Ans. The salient features of the Constitution of India include: 1. Lengthy and Detailed: The Indian Constitution is one of the longest written constitutions in the world, with 448 articles and 12 schedules. 2. Federal System with Unitary Bias: India follows a federal system, where powers are divided between the central government and the state governments. However, the Constitution also provides for a strong center with more powers allocated to the central government. 3. Fundamental Rights: The Constitution guarantees various fundamental rights to the citizens, such as the right to equality, right to freedom of speech and expression, right to religious freedom, etc. 4. Directive Principles of State Policy: The Constitution also contains Directive Principles of State Policy, which are guidelines for the government in formulating policies for the welfare of the people. 5. Independent Judiciary: The Constitution establishes an independent judiciary to safeguard the rights and liberties of the citizens.
3. What is the development process of the Constitution of India?
Ans. The development process of the Constitution of India can be broadly divided into the following stages: 1. Cabinet Mission Plan (1946): The Cabinet Mission Plan was a proposal to create a united India with a federal structure. It laid the foundation for the Constituent Assembly and the process of drafting the Constitution. 2. Constituent Assembly (1946-1949): The Constituent Assembly was formed to draft the Constitution. It consisted of elected representatives from the provinces and princely states. The drafting committee, headed by Dr. B.R. Ambedkar, prepared the final draft of the Constitution. 3. Adoption and Enactment (1949-1950): The Constitution was adopted by the Constituent Assembly on 26th November 1949. It came into effect on 26th January 1950, marking the establishment of the Republic of India. 4. Amendments and Evolution: Over the years, the Constitution has been amended several times to meet the changing needs of the country. Amendments have been made to address social issues, expand rights, and reflect the evolving nature of Indian society.

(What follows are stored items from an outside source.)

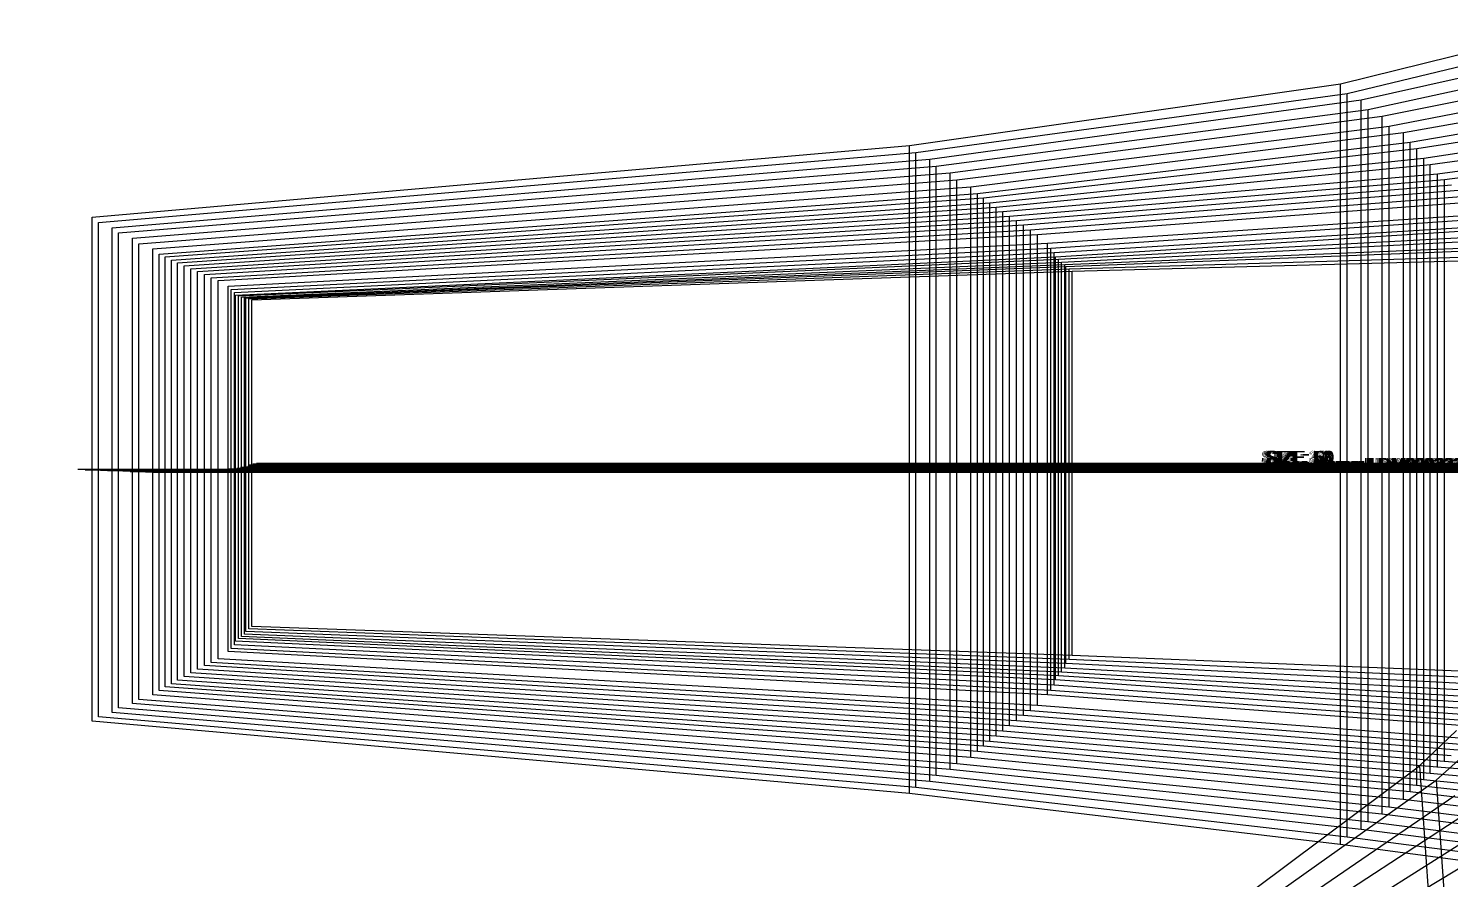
# Model space of a CAD drawing. Extents: x -103 to 6, y 0 to 147.
# Drawn here: x -102.75 to -75.07, y 130.27 to 146.84 of the extents above; entities that cross this region are included whole.
import ezdxf

# ---------------------------------------------------------------- set-up
doc = ezdxf.new("R2010")
doc.units = 0

# ---------------------------------------------------------------- blocks, each defined once
blk = doc.blocks.new('LDM000222D-VS-F-FR_22')
at = {"layer": '1'}
blk.add_lwpolyline([(-73.9156, 134.2783), (-82.4192, 134.622), (-82.4192, 134.622), (-98.4003, 135.186), (-98.4003, 135.186), (-98.4003, 141.5563), (-98.4003, 141.5563), (-82.4192, 142.1103), (-82.4192, 142.1103), (-73.9113, 142.34)], dxfattribs=at)
at = {"layer": '5'}
blk.add_line((-98.312, 138.3711), (-70.2292, 138.3711), dxfattribs=at)
at = {"layer": '7'}
blk.add_line((-98.312, 138.3711), (-70.2292, 138.3711), dxfattribs=at)
at = {"layer": '8'}
blk.add_line((-82.4192, 134.622), (-82.4192, 142.1103), dxfattribs=at)
at = {"layer": '1'}
for s, p in [('SIZE: 22', (-78.7545, 138.3589)), ('Piece Name: LDM000222D-VS-F-FR', (-78.7545, 138.2189))]:
    blk.add_text(s, height=0.25, dxfattribs=at).set_placement(p)
blk = doc.blocks.new('LDM000222D-VS-F-FR_23')
at = {"layer": '1'}
blk.add_lwpolyline([(-73.9786, 134.1586), (-82.4812, 134.5443), (-82.4812, 134.5443), (-98.4607, 135.1403), (-98.4607, 135.1403), (-98.4607, 141.5726), (-98.4607, 141.5726), (-82.4812, 142.1586), (-82.4812, 142.1586), (-73.9744, 142.4083)], dxfattribs=at)
at = {"layer": '5'}
blk.add_line((-98.3806, 138.3564), (-70.2978, 138.3564), dxfattribs=at)
at = {"layer": '7'}
blk.add_line((-98.3806, 138.3564), (-70.2978, 138.3564), dxfattribs=at)
at = {"layer": '8'}
blk.add_line((-82.4812, 134.5443), (-82.4812, 142.1586), dxfattribs=at)
at = {"layer": '1'}
for s, p in [('SIZE: 23', (-78.7545, 138.3589)), ('Piece Name: LDM000222D-VS-F-FR', (-78.7545, 138.2189))]:
    blk.add_text(s, height=0.25, dxfattribs=at).set_placement(p)
blk = doc.blocks.new('LDM000222D-VS-F-FR_24')
at = {"layer": '1'}
blk.add_lwpolyline([(-74.045, 134.0363), (-82.5432, 134.464), (-82.5432, 134.464), (-98.5213, 135.092), (-98.5213, 135.092), (-98.5213, 141.5863), (-98.5213, 141.5863), (-82.5432, 142.2043), (-82.5432, 142.2043), (-74.0407, 142.536)], dxfattribs=at)
at = {"layer": '5'}
blk.add_line((-98.4491, 138.3391), (-70.3663, 138.3391), dxfattribs=at)
at = {"layer": '7'}
blk.add_line((-98.4491, 138.3391), (-70.3663, 138.3391), dxfattribs=at)
at = {"layer": '8'}
blk.add_line((-82.5432, 134.464), (-82.5432, 142.2043), dxfattribs=at)
at = {"layer": '1'}
for s, p in [('SIZE: 24', (-78.7545, 138.3589)), ('Piece Name: LDM000222D-VS-F-FR', (-78.7545, 138.2189))]:
    blk.add_text(s, height=0.25, dxfattribs=at).set_placement(p)
blk = doc.blocks.new('LDM000222D-VS-F-FR_25')
at = {"layer": '1'}
blk.add_lwpolyline([(-74.0698, 133.9064), (-82.5664, 134.3761), (-82.5664, 134.3761), (-98.5429, 135.0361), (-98.5429, 135.0361), (-98.5429, 141.5924), (-98.5429, 141.5924), (-82.5664, 142.2424), (-82.5664, 142.2424), (-74.0655, 142.5941)], dxfattribs=at)
at = {"layer": '5'}
blk.add_line((-98.4814, 138.3142), (-70.3985, 138.3142), dxfattribs=at)
at = {"layer": '7'}
blk.add_line((-98.4814, 138.3142), (-70.3985, 138.3142), dxfattribs=at)
at = {"layer": '8'}
blk.add_line((-82.5664, 134.3761), (-82.5664, 142.2424), dxfattribs=at)
at = {"layer": '1'}
for s, p in [('SIZE: 25', (-78.7544, 138.3589)), ('Piece Name: LDM000222D-VS-F-FR', (-78.7544, 138.2189))]:
    blk.add_text(s, height=0.25, dxfattribs=at).set_placement(p)
blk = doc.blocks.new('LDM000222D-VS-F-FR_26')
at = {"layer": '1'}
blk.add_lwpolyline([(-74.1365, 133.7854), (-82.6277, 134.2971), (-82.6277, 134.2971), (-98.6025, 134.9891), (-98.6025, 134.9891), (-98.6025, 141.6074), (-98.6025, 141.6074), (-82.6277, 142.2894), (-82.6277, 142.2894), (-74.1322, 142.7231)], dxfattribs=at)
at = {"layer": '5'}
blk.add_line((-98.5508, 138.2982), (-70.468, 138.2982), dxfattribs=at)
at = {"layer": '7'}
blk.add_line((-98.5508, 138.2982), (-70.468, 138.2982), dxfattribs=at)
at = {"layer": '8'}
blk.add_line((-82.6277, 134.2971), (-82.6277, 142.2894), dxfattribs=at)
at = {"layer": '1'}
for s, p in [('SIZE: 26', (-78.7545, 138.3589)), ('Piece Name: LDM000222D-VS-F-FR', (-78.7545, 138.2189))]:
    blk.add_text(s, height=0.25, dxfattribs=at).set_placement(p)
blk = doc.blocks.new('LDM000222D-VS-F-FR_27')
at = {"layer": '1'}
blk.add_lwpolyline([(-74.198, 133.6747), (-82.6874, 134.2284), (-82.6874, 134.2284), (-98.6604, 134.9524), (-98.6604, 134.9524), (-98.6604, 141.6327), (-98.6604, 141.6327), (-82.6874, 142.3467), (-82.6874, 142.3467), (-74.1936, 142.8004)], dxfattribs=at)
at = {"layer": '5'}
blk.add_line((-98.6219, 138.2925), (-70.539, 138.2925), dxfattribs=at)
at = {"layer": '7'}
blk.add_line((-98.6219, 138.2925), (-70.539, 138.2925), dxfattribs=at)
at = {"layer": '8'}
blk.add_line((-82.6874, 134.2284), (-82.6874, 142.3467), dxfattribs=at)
at = {"layer": '1'}
for s, p in [('SIZE: 27', (-78.7544, 138.3589)), ('Piece Name: LDM000222D-VS-F-FR', (-78.7544, 138.2189))]:
    blk.add_text(s, height=0.25, dxfattribs=at).set_placement(p)
blk = doc.blocks.new('LDM000222D-VS-F-FR_28')
at = {"layer": '1'}
blk.add_lwpolyline([(-74.2649, 133.5525), (-82.7479, 134.1482), (-82.7479, 134.1482), (-98.7191, 134.9042), (-98.7191, 134.9042), (-98.7191, 141.6465), (-98.7191, 141.6465), (-82.7479, 142.3925), (-82.7479, 142.3925), (-74.2606, 142.9282)], dxfattribs=at)
at = {"layer": '5'}
blk.add_line((-98.6923, 138.2753), (-70.6095, 138.2753), dxfattribs=at)
at = {"layer": '7'}
blk.add_line((-98.6923, 138.2753), (-70.6095, 138.2753), dxfattribs=at)
at = {"layer": '8'}
blk.add_line((-82.7479, 134.1482), (-82.7479, 142.3925), dxfattribs=at)
at = {"layer": '1'}
for s, p in [('SIZE: 28', (-78.7545, 138.3589)), ('Piece Name: LDM000222D-VS-F-FR', (-78.7545, 138.2189))]:
    blk.add_text(s, height=0.25, dxfattribs=at).set_placement(p)
blk = doc.blocks.new('LDM000222D-VS-F-FR_29')
at = {"layer": '1'}
blk.add_lwpolyline([(-74.2892, 133.4344), (-82.7728, 134.0411), (-82.7728, 134.0411), (-98.7422, 134.8281), (-98.7422, 134.8281), (-98.7422, 141.6964), (-98.7422, 141.6964), (-82.7728, 142.4734), (-82.7728, 142.4734), (-74.2848, 142.9981)], dxfattribs=at)
at = {"layer": '5'}
blk.add_line((-98.7232, 138.2622), (-70.6404, 138.2622), dxfattribs=at)
at = {"layer": '7'}
blk.add_line((-98.7232, 138.2622), (-70.6404, 138.2622), dxfattribs=at)
at = {"layer": '8'}
blk.add_line((-82.7728, 134.0411), (-82.7728, 142.4734), dxfattribs=at)
at = {"layer": '1'}
for s, p in [('SIZE: 29', (-78.7545, 138.3589)), ('Piece Name: LDM000222D-VS-F-FR', (-78.7545, 138.2189))]:
    blk.add_text(s, height=0.25, dxfattribs=at).set_placement(p)
blk = doc.blocks.new('LDM000222D-VS-F-FR_30')
at = {"layer": '1'}
blk.add_lwpolyline([(-74.3573, 133.3234), (-82.8367, 133.9411), (-82.8367, 133.9411), (-98.804, 134.7591), (-98.804, 134.7591), (-98.804, 141.7534), (-98.804, 141.7534), (-82.8367, 142.5614), (-82.8367, 142.5614), (-74.353, 143.1371)], dxfattribs=at)
at = {"layer": '5'}
blk.add_line((-98.7903, 138.2562), (-70.7075, 138.2562), dxfattribs=at)
at = {"layer": '7'}
blk.add_line((-98.7903, 138.2562), (-70.7075, 138.2562), dxfattribs=at)
at = {"layer": '8'}
blk.add_line((-82.8367, 133.9411), (-82.8367, 142.5614), dxfattribs=at)
at = {"layer": '1'}
for s, p in [('SIZE: 30', (-78.7545, 138.3589)), ('Piece Name: LDM000222D-VS-F-FR', (-78.7545, 138.2189))]:
    blk.add_text(s, height=0.25, dxfattribs=at).set_placement(p)
blk = doc.blocks.new('LDM000222D-VS-F-FR_31')
at = {"layer": '1'}
blk.add_lwpolyline([(-74.4188, 133.2238), (-82.8989, 133.8525), (-82.8989, 133.8525), (-98.8644, 134.7015), (-98.8644, 134.7015), (-98.8644, 141.8218), (-98.8644, 141.8218), (-82.8989, 142.6608), (-82.8989, 142.6608), (-74.4145, 143.2255)], dxfattribs=at)
at = {"layer": '5'}
blk.add_line((-98.8589, 138.2616), (-70.7761, 138.2616), dxfattribs=at)
at = {"layer": '7'}
blk.add_line((-98.8589, 138.2616), (-70.7761, 138.2616), dxfattribs=at)
at = {"layer": '8'}
blk.add_line((-82.8989, 133.8525), (-82.8989, 142.6608), dxfattribs=at)
at = {"layer": '1'}
for s, p in [('SIZE: 31', (-78.7545, 138.3589)), ('Piece Name: LDM000222D-VS-F-FR', (-78.7545, 138.2189))]:
    blk.add_text(s, height=0.25, dxfattribs=at).set_placement(p)
blk = doc.blocks.new('LDM000222D-VS-F-FR_33')
at = {"layer": '1'}
blk.add_lwpolyline([(-74.625, 132.9936), (-83.0985, 133.6443), (-83.0985, 133.6443), (-99.0599, 134.5553), (-99.0599, 134.5553), (-99.0599, 141.9276), (-99.0599, 141.9276), (-83.0985, 142.8286), (-83.0985, 142.8286), (-74.6207, 143.4643)], dxfattribs=at)
at = {"layer": '5'}
blk.add_line((-99.0672, 138.2414), (-70.9844, 138.2414), dxfattribs=at)
at = {"layer": '7'}
blk.add_line((-99.0672, 138.2414), (-70.9844, 138.2414), dxfattribs=at)
at = {"layer": '8'}
blk.add_line((-83.0985, 133.6443), (-83.0985, 142.8286), dxfattribs=at)
at = {"layer": '1'}
for s, p in [('SIZE: 33', (-78.7508, 138.3589)), ('Piece Name: LDM000222D-VS-F-FR', (-78.7508, 138.2189))]:
    blk.add_text(s, height=0.25, dxfattribs=at).set_placement(p)
blk = doc.blocks.new('LDM000222D-VS-F-FR_34')
at = {"layer": '1'}
blk.add_lwpolyline([(-74.7627, 132.8829), (-83.2342, 133.5446), (-83.2342, 133.5446), (-99.1935, 134.4866), (-99.1935, 134.4866), (-99.1935, 141.9849), (-99.1935, 141.9849), (-83.2342, 142.9169), (-83.2342, 142.9169), (-74.7584, 143.5726)], dxfattribs=at)
at = {"layer": '5'}
blk.add_line((-99.2082, 138.2357), (-71.1254, 138.2357), dxfattribs=at)
at = {"layer": '7'}
blk.add_line((-99.2082, 138.2357), (-71.1254, 138.2357), dxfattribs=at)
at = {"layer": '8'}
blk.add_line((-83.2342, 133.5446), (-83.2342, 142.9169), dxfattribs=at)
at = {"layer": '1'}
for s, p in [('SIZE: 34', (-78.7472, 138.3589)), ('Piece Name: LDM000222D-VS-F-FR', (-78.7472, 138.2189))]:
    blk.add_text(s, height=0.25, dxfattribs=at).set_placement(p)
blk = doc.blocks.new('LDM000222D-VS-F-FR_35')
at = {"layer": '1'}
blk.add_lwpolyline([(-74.9002, 132.7794), (-83.3697, 133.4521), (-83.3697, 133.4521), (-99.3267, 134.4251), (-99.3267, 134.4251), (-99.3267, 142.0494), (-99.3267, 142.0494), (-83.3697, 143.0124), (-83.3697, 143.0124), (-74.8959, 143.6881)], dxfattribs=at)
at = {"layer": '5'}
blk.add_line((-99.3492, 138.2372), (-71.2663, 138.2372), dxfattribs=at)
at = {"layer": '7'}
blk.add_line((-99.3492, 138.2372), (-71.2663, 138.2372), dxfattribs=at)
at = {"layer": '8'}
blk.add_line((-83.3697, 133.4521), (-83.3697, 143.0124), dxfattribs=at)
at = {"layer": '1'}
for s, p in [('SIZE: 35', (-78.7432, 138.3589)), ('Piece Name: LDM000222D-VS-F-FR', (-78.7432, 138.2189))]:
    blk.add_text(s, height=0.25, dxfattribs=at).set_placement(p)
blk = doc.blocks.new('LDM000222D-VS-F-FR_36')
at = {"layer": '1'}
blk.add_lwpolyline([(-75.0377, 132.6679), (-83.5051, 133.3516), (-83.5051, 133.3516), (-99.4598, 134.3556), (-99.4598, 134.3556), (-99.4598, 142.1059), (-99.4598, 142.1059), (-83.5051, 143.0999), (-83.5051, 143.0999), (-75.0335, 143.7956)], dxfattribs=at)
at = {"layer": '5'}
blk.add_line((-99.4902, 138.2307), (-71.4074, 138.2307), dxfattribs=at)
at = {"layer": '7'}
blk.add_line((-99.4902, 138.2307), (-71.4074, 138.2307), dxfattribs=at)
at = {"layer": '8'}
blk.add_line((-83.5051, 133.3516), (-83.5051, 143.0999), dxfattribs=at)
at = {"layer": '1'}
for s, p in [('SIZE: 36', (-78.7393, 138.3589)), ('Piece Name: LDM000222D-VS-F-FR', (-78.7393, 138.2189))]:
    blk.add_text(s, height=0.25, dxfattribs=at).set_placement(p)
blk = doc.blocks.new('LDM000222D-VS-F-FR_37')
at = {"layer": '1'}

4. What are the fundamental rights provided by the Constitution of India?
Ans. The Constitution of India guarantees the following fundamental rights to its citizens: 1. Right to Equality: This includes the right to equality before the law, prohibition of discrimination on grounds of religion, race, caste, sex, or place of birth. 2. Right to Freedom: This includes the right to freedom of speech and expression, assembly, association, movement, residence, and the right to practice any profession, occupation, trade, or business. 3. Right Against Exploitation: This prohibits all forms of forced labor, child labor, and trafficking of human beings. 4. Right to Freedom of Religion: This includes the freedom to practice, profess, and propagate any religion, subject to public order, morality, and health. 5. Cultural and Educational Rights: This includes the right to protect the language, script, and culture of minorities, as well as the right to establish and administer educational institutions.
5. What are the Directive Principles of State Policy in the Constitution of India?
Ans. The Directive Principles of State Policy in the Constitution of India are a set of guidelines for the government to ensure social, economic, and political justice in society. Some of the important Directive Principles are: 1. Equal pay for equal work for both men and women. 2. Provision of free and compulsory education for children up to the age of 14. 3. Protection of the environment and promotion of sustainable development. 4. Provision of opportunities for the healthy development of children. 5. Promotion of agriculture and rural development. 6. Promotion of cottage industries and small-scale industries in rural areas. 7. Provision of a living wage to workers. 8. Promotion of scientific temper and the spirit of inquiry and reform. 9. Protection and improvement of public health. 10. Promotion of international peace and security.